# White Labs Vs Wyeast



## Doc (14/4/03)

Found a message on HBD today listing the comparative yeasts for White Labs and Wyeast.
I've formatted it and created a PDF version.

Here it is.

Cheers,
Doc 

View attachment White_Labs_vs_Wyeast_Yeast_Comparison.pdf


----------



## Doc (22/4/03)

I was using this at the weekend and it gave me the shits that it was on multiple pages.
So here is v2 which I have reformatted to be on a single page in landscape.

Cheers,
Doc 

View attachment White_Labs_vs_Wyeast_Comparison_v2.pdf


----------



## Hoops (26/5/04)

Thanks Doc

I asked my 2 local HB stores if they had this chart but they looked at me dumbfounded as they didn't think one existed.

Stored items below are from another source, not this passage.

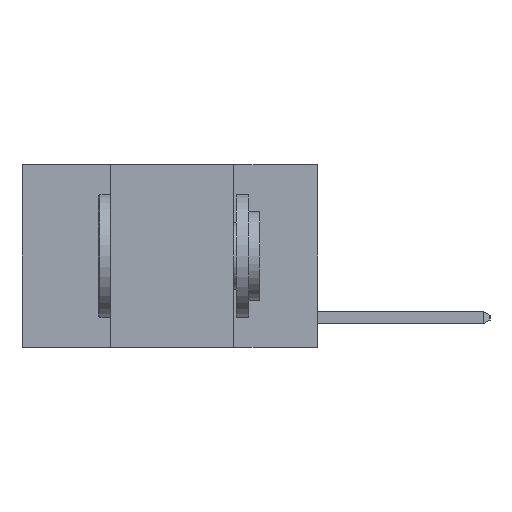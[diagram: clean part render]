
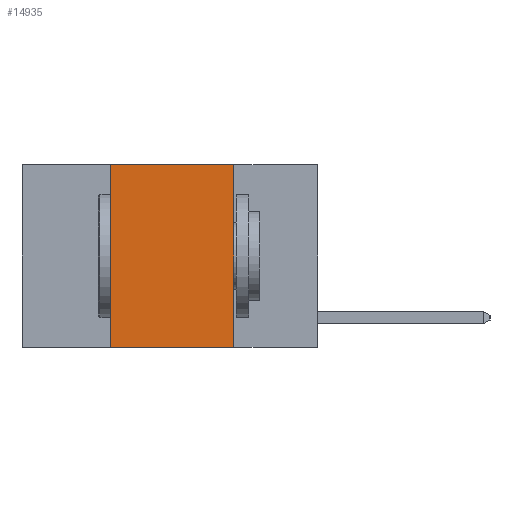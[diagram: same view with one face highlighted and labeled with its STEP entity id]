
A CAD part, left-side view. The second image highlights one B-rep face of the part: STEP entity #14935.
In plain terms, the highlighted planar face has unit normal (-1, 0, 0).
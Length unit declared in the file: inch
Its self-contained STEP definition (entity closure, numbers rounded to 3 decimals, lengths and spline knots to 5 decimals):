
#58 = CARTESIAN_POINT ( 'NONE',  ( 0., 0.6, 0. ) ) ;
#444 = VERTEX_POINT ( 'NONE', #15237 ) ;
#475 = AXIS2_PLACEMENT_3D ( 'NONE', #58, #9638, #1508 ) ;
#711 = VECTOR ( 'NONE', #15468, 39.37008 ) ;
#1508 = DIRECTION ( 'NONE',  ( 0., 0., -1. ) ) ;
#2387 = DIRECTION ( 'NONE',  ( 0., -1., 0. ) ) ;
#2434 = ORIENTED_EDGE ( 'NONE', *, *, #5604, .F. ) ;
#2927 = DIRECTION ( 'NONE',  ( 0., 0., 1. ) ) ;
#2983 = CARTESIAN_POINT ( 'NONE',  ( 0., 0.42, 0. ) ) ;
#3363 = EDGE_LOOP ( 'NONE', ( #2434, #3659, #9507, #9713 ) ) ;
#3642 = LINE ( 'NONE', #13003, #7292 ) ;
#3659 = ORIENTED_EDGE ( 'NONE', *, *, #8485, .F. ) ;
#5604 = EDGE_CURVE ( 'NONE', #444, #15401, #16663, .T. ) ;
#6227 = LINE ( 'NONE', #2983, #9296 ) ;
#6467 = CARTESIAN_POINT ( 'NONE',  ( 0., 0.17, 0. ) ) ;
#7292 = VECTOR ( 'NONE', #2387, 39.37008 ) ;
#8485 = EDGE_CURVE ( 'NONE', #8763, #444, #3642, .T. ) ;
#8763 = VERTEX_POINT ( 'NONE', #12210 ) ;
#9296 = VECTOR ( 'NONE', #2927, 39.37008 ) ;
#9507 = ORIENTED_EDGE ( 'NONE', *, *, #16477, .F. ) ;
#9638 = DIRECTION ( 'NONE',  ( 1., 0., 0. ) ) ;
#9713 = ORIENTED_EDGE ( 'NONE', *, *, #15339, .T. ) ;
#10204 = FACE_OUTER_BOUND ( 'NONE', #3363, .T. ) ;
#10344 = DIRECTION ( 'NONE',  ( 0., -1., 0. ) ) ;
#10524 = VERTEX_POINT ( 'NONE', #15890 ) ;
#10993 = LINE ( 'NONE', #15392, #14372 ) ;
#12210 = CARTESIAN_POINT ( 'NONE',  ( 0., 0.42, 0. ) ) ;
#13003 = CARTESIAN_POINT ( 'NONE',  ( 0., 0.6, 0. ) ) ;
#14287 = CARTESIAN_POINT ( 'NONE',  ( 0., 0.17, -0.37 ) ) ;
#14372 = VECTOR ( 'NONE', #10344, 39.37008 ) ;
#14753 = PLANE ( 'NONE',  #475 ) ;
#14935 = ADVANCED_FACE ( 'NONE', ( #10204 ), #14753, .F. ) ;
#15237 = CARTESIAN_POINT ( 'NONE',  ( 0., 0.17, 0. ) ) ;
#15339 = EDGE_CURVE ( 'NONE', #10524, #15401, #10993, .T. ) ;
#15392 = CARTESIAN_POINT ( 'NONE',  ( 0., 0.6, -0.37 ) ) ;
#15401 = VERTEX_POINT ( 'NONE', #14287 ) ;
#15468 = DIRECTION ( 'NONE',  ( 0., 0., -1. ) ) ;
#15890 = CARTESIAN_POINT ( 'NONE',  ( 0., 0.42, -0.37 ) ) ;
#16477 = EDGE_CURVE ( 'NONE', #10524, #8763, #6227, .T. ) ;
#16663 = LINE ( 'NONE', #6467, #711 ) ;

Another thing I need to print up and laminate for the brewery.


----------



## bibtracker (28/5/04)

Thanks Doc.
Not only is that a very useful chart, but setting up the printer for landscape took me into hitherto unknown realms of how to change the cartridge on an Epson printer (a process which has previously caused me much grief and anguish and involved threats of physical violence to Mr Epson).
When you find the instructions, it's a piece of piss!
I raise a glass of HB in your direction.


----------